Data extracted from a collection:
• • • •
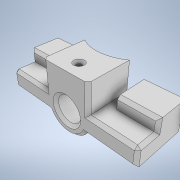
# Autodesk Inventor part: zad 8
Saved by Autodesk Inventor 2020 (Build 240168000, 168)
## iProperties
Created: 2022-04-10
Part Number: zad 8
Material: Ogólny
Document SubType Name: Modeling
Designer: likek
Density: 1 g/cm^3
Appearance: Domyślna
Author: likek
Autodesk Inventor part; units mm, degrees
ref_plane "YZ Plane" through (0, 0, 0) normal (1, 0, 0) x (0, 1, 0)
ref_plane "XZ Plane" through (0, 0, 0) normal (0, 1, 0) x (-1, 0, 0)
ref_plane "XY Plane" through (0, 0, 0) normal (0, 0, 1) x (1, 0, 0)
sketch "Szkic1" plane through (0, 0, 0) normal (0, 0, 1) x (1, 0, 0)
  arc A0 (-20.1556, -10) -> (20.1556, -10) centre (0, 0) ccw
  line L0 (-20.1556, -10) -> (-67, -10)
  line L1 (-67, -10) -> (-67, 8)
  line L2 (-67, 8) -> (-23, 8)
  line L3 (-23, 8) -> (-23, 36)
  line L4 (-23, 36) -> (23, 36)
  line L5 (23, 36) -> (23, 8)
  line L6 (23, 8) -> (67, 8)
  line L7 (67, 8) -> (67, -10)
  line L8 (67, -10) -> (20.1556, -10)
  point P0 (0, -22.5)
  dimension "d0" = 45
  dimension "d1" = 10
  dimension "d2" = 18
  dimension "d3" = 46
  dimension "d4" = 44
  dimension "d5" = 44
  dimension "d6" = 23
  dimension "d7" = 58.5
  constraints: 18 end point, 5 perpendicular, 3 point on circle, 3 point on line, 1 centre point, 1 coincident, 1 horizontal, 1 vertical
  measures "d0" diameter of A0
  measures "d1" distance from line of point (0, 0) L0
  measures "d2" distance of L0.end L1.end
  measures "d3" distance of L3.end L4.end
  measures "d4" distance of L1.end L2.end
  measures "d5" distance of L5.end L6.end
  measures "d6" horizontal distance of point (0, 0) L2.end
  measures "d7" distance from line of point (0, -22.5) L4
extrude "Wyciągnięcie proste1" add sketch "Szkic1" against normal blind 50
sketch "Szkic2" plane through (0, 0, 0) normal (0, 0, 1) x (1, 0, 0)
  circle A0 centre (0, 0) radius 12.5
  dimension "d10" = 25
  constraints: 1 centre point, 1 coincident
  measures "d10" diameter of A0
extrude "Wyciągnięcie proste2" cut sketch "Szkic2" against normal blind 50
sketch "Szkic3" plane through (23, 8, 0) normal (0, 1, 0) x (1, 0, 0)
  line L0 (0, 50) -> (44, 50) projected
  line L1 (44, 50) -> (9, 50)
  line L2 (9, 50) -> (9, 20)
  line L3 (9, 20) -> (44, 20)
  line L4 (44, 20) -> (44, 50)
  line L5 (-90, 50) -> (-46, 50) projected
  line L6 (-90, 50) -> (-55, 50)
  line L7 (-55, 50) -> (-55, 20)
  line L8 (-55, 20) -> (-90, 20)
  line L9 (-90, 20) -> (-90, 50)
  point P0 (-23, 0)
  point P1 (9, 50)
  dimension "d13" = 35
  dimension "d14" = 30
  dimension "d15" = 35
  dimension "d16" = 30
  constraints: 16 end point, 4 parallel, 2 horizontal, 2 perpendicular
  measures "d13" distance of L3.end L2.end
  measures "d14" distance of L2.end L1.end
  measures "d15" distance of L7.end L8.end
  measures "d16" distance of L6.end L7.end
extrude "Wyciągnięcie proste3" add sketch "Szkic3" along normal blind 12
sketch "Szkic4" plane through (-23, 36, 0) normal (0, 1, 0) x (1, 0, 0)
  circle A0 centre (23, 77.2029) radius 42
  point P0 (23, 0)
  point P1 (-9, 50)
  point P2 (55, 50)
  dimension "d19" = 84
  constraints: 2 point on circle, 1 centre point
  measures "d19" diameter of A0
extrude "Wyciągnięcie proste4" cut sketch "Szkic4" against normal blind 141.25
chamfer "Faza1" distance 3 angle 45 16 edges at (-45, 8, 0) (-23, 22, 0) (-67, 8, -10) (-67, 14, -20) (-49.5, 20, -20) (-67, -1, 0) (-43.5778, -10, 0) (0, -22.5, 0) (43.5778, -10, 0) (67, -1, 0) (45, 8, 0) (23, 22, 0) (67, 8, -10) (67, 14, -20) (49.5, 20, -20) (-12.5, 0, 0)
sketch "Szkic5" plane through (0, 36, -77.2029) normal (0, 1, 0) x (1, 0, 0)
  point P0 (0, -77.2029)
  point P1 (0, -63.2029)
  point P2 (161.096, 29.7407)
  dimension "d25" = 14
  measures "d25" distance of point (0, -63.203) point (0, -77.203)
hole "Otwór1" at (161.096, 36, -106.9437) at (0, 36, -14) direction (0, -1, 0) diameter 5.5 depth 23.81 tip angle 118 countersink diameter 10.4 countersink angle 90
• • • •
What the task requires -
All the records above need to be given again word for word. Skip the pictures.

Exercise result -
# Autodesk Inventor part: zad 8
Saved by Autodesk Inventor 2020 (Build 240168000, 168)
## iProperties
Created: 2022-04-10
Part Number: zad 8
Material: Ogólny
Document SubType Name: Modeling
Designer: likek
Density: 1 g/cm^3
Appearance: Domyślna
Author: likek
Autodesk Inventor part; units mm, degrees
ref_plane "YZ Plane" through (0, 0, 0) normal (1, 0, 0) x (0, 1, 0)
ref_plane "XZ Plane" through (0, 0, 0) normal (0, 1, 0) x (-1, 0, 0)
ref_plane "XY Plane" through (0, 0, 0) normal (0, 0, 1) x (1, 0, 0)
sketch "Szkic1" plane through (0, 0, 0) normal (0, 0, 1) x (1, 0, 0)
  arc A0 (-20.1556, -10) -> (20.1556, -10) centre (0, 0) ccw
  line L0 (-20.1556, -10) -> (-67, -10)
  line L1 (-67, -10) -> (-67, 8)
  line L2 (-67, 8) -> (-23, 8)
  line L3 (-23, 8) -> (-23, 36)
  line L4 (-23, 36) -> (23, 36)
  line L5 (23, 36) -> (23, 8)
  line L6 (23, 8) -> (67, 8)
  line L7 (67, 8) -> (67, -10)
  line L8 (67, -10) -> (20.1556, -10)
  point P0 (0, -22.5)
  dimension "d0" = 45
  dimension "d1" = 10
  dimension "d2" = 18
  dimension "d3" = 46
  dimension "d4" = 44
  dimension "d5" = 44
  dimension "d6" = 23
  dimension "d7" = 58.5
  constraints: 18 end point, 5 perpendicular, 3 point on circle, 3 point on line, 1 centre point, 1 coincident, 1 horizontal, 1 vertical
  measures "d0" diameter of A0
  measures "d1" distance from line of point (0, 0) L0
  measures "d2" distance of L0.end L1.end
  measures "d3" distance of L3.end L4.end
  measures "d4" distance of L1.end L2.end
  measures "d5" distance of L5.end L6.end
  measures "d6" horizontal distance of point (0, 0) L2.end
  measures "d7" distance from line of point (0, -22.5) L4
extrude "Wyciągnięcie proste1" add sketch "Szkic1" against normal blind 50
sketch "Szkic2" plane through (0, 0, 0) normal (0, 0, 1) x (1, 0, 0)
  circle A0 centre (0, 0) radius 12.5
  dimension "d10" = 25
  constraints: 1 centre point, 1 coincident
  measures "d10" diameter of A0
extrude "Wyciągnięcie proste2" cut sketch "Szkic2" against normal blind 50
sketch "Szkic3" plane through (23, 8, 0) normal (0, 1, 0) x (1, 0, 0)
  line L0 (0, 50) -> (44, 50) projected
  line L1 (44, 50) -> (9, 50)
  line L2 (9, 50) -> (9, 20)
  line L3 (9, 20) -> (44, 20)
  line L4 (44, 20) -> (44, 50)
  line L5 (-90, 50) -> (-46, 50) projected
  line L6 (-90, 50) -> (-55, 50)
  line L7 (-55, 50) -> (-55, 20)
  line L8 (-55, 20) -> (-90, 20)
  line L9 (-90, 20) -> (-90, 50)
  point P0 (-23, 0)
  point P1 (9, 50)
  dimension "d13" = 35
  dimension "d14" = 30
  dimension "d15" = 35
  dimension "d16" = 30
  constraints: 16 end point, 4 parallel, 2 horizontal, 2 perpendicular
  measures "d13" distance of L3.end L2.end
  measures "d14" distance of L2.end L1.end
  measures "d15" distance of L7.end L8.end
  measures "d16" distance of L6.end L7.end
extrude "Wyciągnięcie proste3" add sketch "Szkic3" along normal blind 12
sketch "Szkic4" plane through (-23, 36, 0) normal (0, 1, 0) x (1, 0, 0)
  circle A0 centre (23, 77.2029) radius 42
  point P0 (23, 0)
  point P1 (-9, 50)
  point P2 (55, 50)
  dimension "d19" = 84
  constraints: 2 point on circle, 1 centre point
  measures "d19" diameter of A0
extrude "Wyciągnięcie proste4" cut sketch "Szkic4" against normal blind 141.25
chamfer "Faza1" distance 3 angle 45 16 edges at (-45, 8, 0) (-23, 22, 0) (-67, 8, -10) (-67, 14, -20) (-49.5, 20, -20) (-67, -1, 0) (-43.5778, -10, 0) (0, -22.5, 0) (43.5778, -10, 0) (67, -1, 0) (45, 8, 0) (23, 22, 0) (67, 8, -10) (67, 14, -20) (49.5, 20, -20) (-12.5, 0, 0)
sketch "Szkic5" plane through (0, 36, -77.2029) normal (0, 1, 0) x (1, 0, 0)
  point P0 (0, -77.2029)
  point P1 (0, -63.2029)
  point P2 (161.096, 29.7407)
  dimension "d25" = 14
  measures "d25" distance of point (0, -63.203) point (0, -77.203)
hole "Otwór1" at (161.096, 36, -106.9437) at (0, 36, -14) direction (0, -1, 0) diameter 5.5 depth 23.81 tip angle 118 countersink diameter 10.4 countersink angle 90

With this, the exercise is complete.